New Mexican ranchers since colonial days had raised a mongrel class of cattle known as criollos. Often they grazed their herds upon the unfenced public domain.

However, with the advent of American stock raisers in the last decades of the 19th century, a problem arose. The progressive newcomers began introducing pure-blooded animals in an effort to upgrade the quality of beef and enhance profits.

On the open range, though, the pricey new cattle inevitably bred with the common grade criollos, angering the ambitious Americans.

Since the New Mexicans had no interest in or could not afford importing blooded stock, their rivals sought redress in Santa Fe with the legislature.

They managed to get enacted a discriminatory measure that prohibited ranchers from running stock upon New Mexico grasslands unless they had a minimum of six bulls for every 100 head of cows.
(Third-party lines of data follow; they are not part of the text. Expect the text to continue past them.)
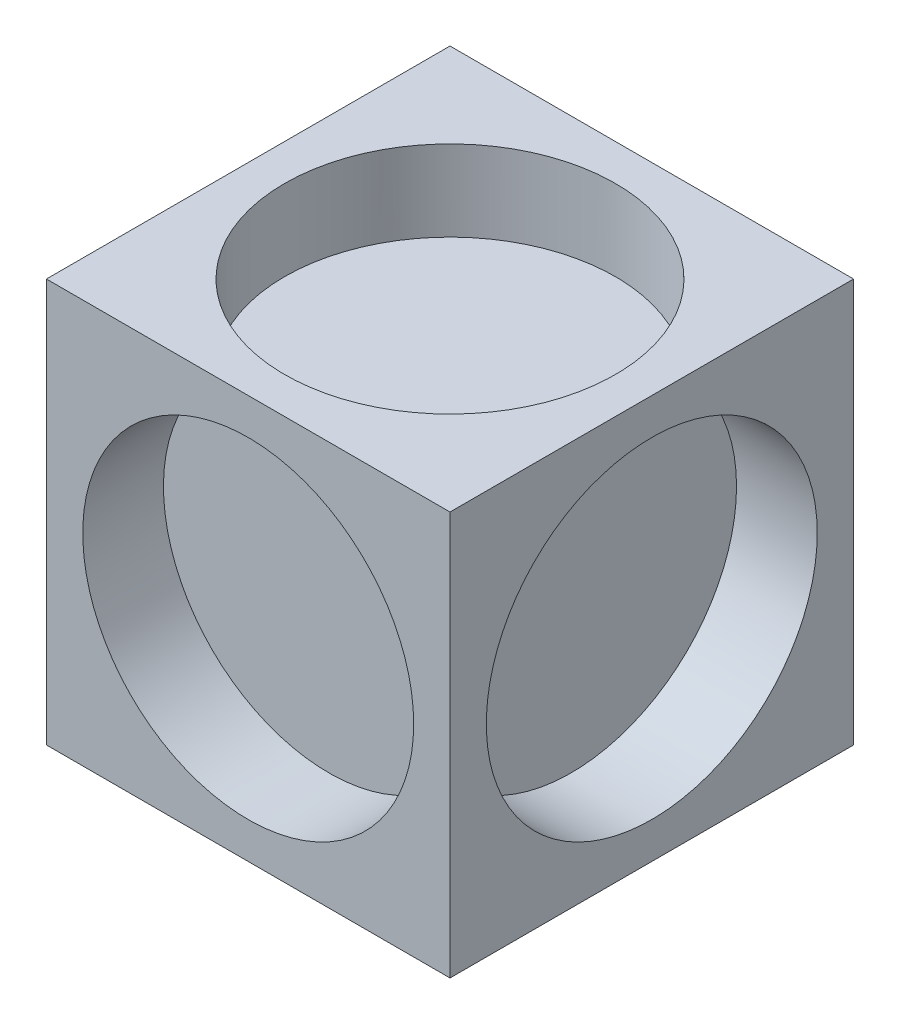
SolidWorks part; units mm, degrees
ref_plane "Front Plane" through (0, 0, 0) normal (0, 0, 1) x (1, 0, 0)
ref_plane "Top Plane" through (0, 0, 0) normal (0, 1, 0) x (1, 0, 0)
ref_plane "Right Plane" through (0, 0, 0) normal (1, 0, 0) x (0, 0, -1)
sketch "Sketch1" plane through (0, 0, 0) normal (0, 0, 1) x (1, 0, 0)
  line L1 (5, -5) -> (-5, -5)
  line L2 (5, -5) -> (5, 5)
  line L3 (5, 5) -> (-5, 5)
  line L4 (-5, -5) -> (-5, 5)
  line L5 (5, -5) -> (-5, 5) construction
  line L6 (5, 5) -> (-5, -5) construction
  point P0 (0, 0)
  dimension "D1" = 10
  dimension "D2" = 10
extrude "Boss-Extrude1" add sketch "Sketch1" along normal blind 5 and the other way blind 5
sketch "Sketch2" plane through (0, 5, 0) normal (0, 1, 0) x (1, 0, 0)
  circle A0 centre (0, 0) radius 4.1
  dimension "D1" = 8.2
extrude "Cut-Extrude1" cut sketch "Sketch2" against normal blind 2
sketch "Sketch5" plane through (0, 0, 5) normal (0, 0, 1) x (1, 0, 0)
  circle A0 centre (0, 0) radius 4.1
  dimension "D1" = 8.2
extrude "Cut-Extrude2" cut sketch "Sketch5" against normal blind 2
sketch "Sketch6" plane through (5, 0, 0) normal (1, 0, 0) x (0, 0, -1)
  circle A0 centre (0, 0) radius 4.1
  dimension "D1" = 8.2
extrude "Cut-Extrude3" cut sketch "Sketch6" against normal blind 2

In addition, three-fourths of the bulls were required to be American breeds.

Penalties for violators were stiff. Owners failing to comply with the “American Bull Act,” as it was named, faced a heavy fine and a term in the territorial penitentiary at Santa Fe.

Like an early day Lone Ranger, Las Cruces lawyer Albert B. Fall came riding to the rescue of the aggrieved parties. It would be, perhaps, his finest hour.

Growing up in Kentucky, Fall taught school and read law until health problems prompted him to move to Texas, where a better climate cured him.

Twice he went up the Chisholm Trail with a beef herd and afterward worked at mining in Mexico. The year 1885 found him prospecting around Silver City and eastward into the Black Range.

By 1887, Fall had settled in Las Cruces with his family. There he passed the bar exam and opened a law office. Among his early clients were native ranchers, charged and indicted with violation of the American Bull Act.

Apparently, most of the 20 or more men he defended spoke no English, but A.B. Fall by now was fluent in Spanish. Thus, during jury trials, he could dispense with interpreters.

Taking on the Bull Act as a personal crusade, Fall challenged its legality in the 3rd District Court at Las Cruces. And he won. The court declared that the American Bull Act violated federal law.

At the very time those proceedings were in progress, Fall decided to enter politics. Winning a seat in the territorial legislature, he managed to get the prejudicial Bull Act repealed, soon after taking his seat inthe capitol.

From that point, Fall’s career soared like a meteor. Lofty offices in Santa Fe that he won included associate justice on the territorial supreme court and two terms as attorney general. In 1912, the statehood year, he advanced to the U.S. Senate.

There, he became a friend of Sen. Warren G. Harding, who was elected president in 1921. The following year, Fall was named Secretary of Interior in Harding’s cabinet.

Up to that time, no other New Mexican had ever achieved such a high position in Washington. Fall’s world crumbled, however, when he was accused and convicted of accepting bribes for leasing government oil lands to friends, in the infamous Tea Pot Dome Scandal.

Fall went to prison in 1931, never to recover his reputation or fortune.

Fall’s significant role in abolishing the American Bull Act has been forgotten. Yet, that small incident remains part of New Mexico’s ranching history.